The mean fluoride concentration in mineral soil is 200 to 300 mg/kg; whereas that of organic soils is generally lower (97 mg/kg). In the Netherlands the fluoride concentrations in clay soils range from 80 to 700 mg/kg dw. In soils with higher pH values a higher amount of soluble F-complexes is found. Because the variation in background levels throughout Europe is substantial, the Dutch reference value is used. This gives a PNEC soil of 500 mg/kg d.w.

Conclusion on classification

As inorganic compound, potassium trifluorozincate is not biodegraded but abiotic dissociation and subsequent interactions occur instead. Nonetheless, for classification purposes, inorganic substances are to be considered as non-rapidly degradable. Short-term toxicity EC/LC50 values of potassium trifluorozincate for 3 trophic levels are situated between 2.6 mg/L and 9.2 mg/L. In accordance with Regulation (EC) No 1272/2008, Table 4.1.0 (a), classification for acute aquatic hazard is not required for potassium trifluorozincate as all EC50/LC50 values are above the classification criteria of 1 mg/L.
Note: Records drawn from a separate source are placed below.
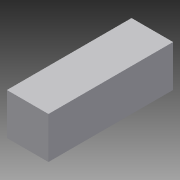
# Autodesk Inventor part: 4x4x12 PG-27 Machine Key
Saved by Autodesk Inventor 2013 (Build 170138000, 138)
## iProperties
Created: 2013-01-30
Part Number: 4x4x12 PG-27 Machine Key
Material: Generic
Document SubType Name: Modeling
Designer: carneeki
Density: 1 g/cm^3
Author: carneeki
Autodesk Inventor part; units mm, degrees
ref_plane "YZ Plane" through (0, 0, 0) normal (1, 0, 0) x (0, 1, 0)
ref_plane "XZ Plane" through (0, 0, 0) normal (0, 1, 0) x (-1, 0, 0)
ref_plane "XY Plane" through (0, 0, 0) normal (0, 0, 1) x (1, 0, 0)
sketch "Sketch1" plane through (0, 0, 0) normal (0, 0, 1) x (1, 0, 0)
  line L0 (-4.6136, -2) -> (-0.6136, -2)
  line L1 (-0.6136, -2) -> (-0.6136, 2)
  line L2 (-0.6136, 2) -> (-4.6136, 2)
  line L3 (-4.6136, 2) -> (-4.6136, -2)
  line L4 (-4.6136, -2) -> (-0.6136, 2) construction
  line L5 (-0.6136, -2) -> (-4.6136, 2) construction
  point P0 (0, 0)
  point P1 (-2.6136, 0)
  dimension "d0" = 4
  dimension "d1" = 4
  constraints: 12 end point, 2 midpoint, 2 parallel, 1 horizontal, 1 perpendicular
  measures "d0" distance of L2.end L1.end
  measures "d1" distance of L1.end L0.end
extrude "Extrusion1" add sketch "Sketch1" along normal blind 12
body "Solid1"

Long-term toxicity data are available for two trophic levels and range from 0.059 mg/L to 0.568 mg/L for daphnids and algae, respectively. In accordance with Regulation (EC) No 1272/2008, Table 4.1.0 (b) (i), potassium trifluorozincate is to be classified as hazardous to the aquatic environment category Chronic 1; H410 (Very toxic to aquatic life with long lasting effects) since the chronic NOEC values are below the classification criteria of 0.1 mg/L. According to Directive 67/548/EEC for the Classification, Packaging and Labelling of Dangerous Substances, the substance is to be classified as N; R50/53 (Very toxic to aquatic organisms, may cause long-term adverse effects in the aquatic environment).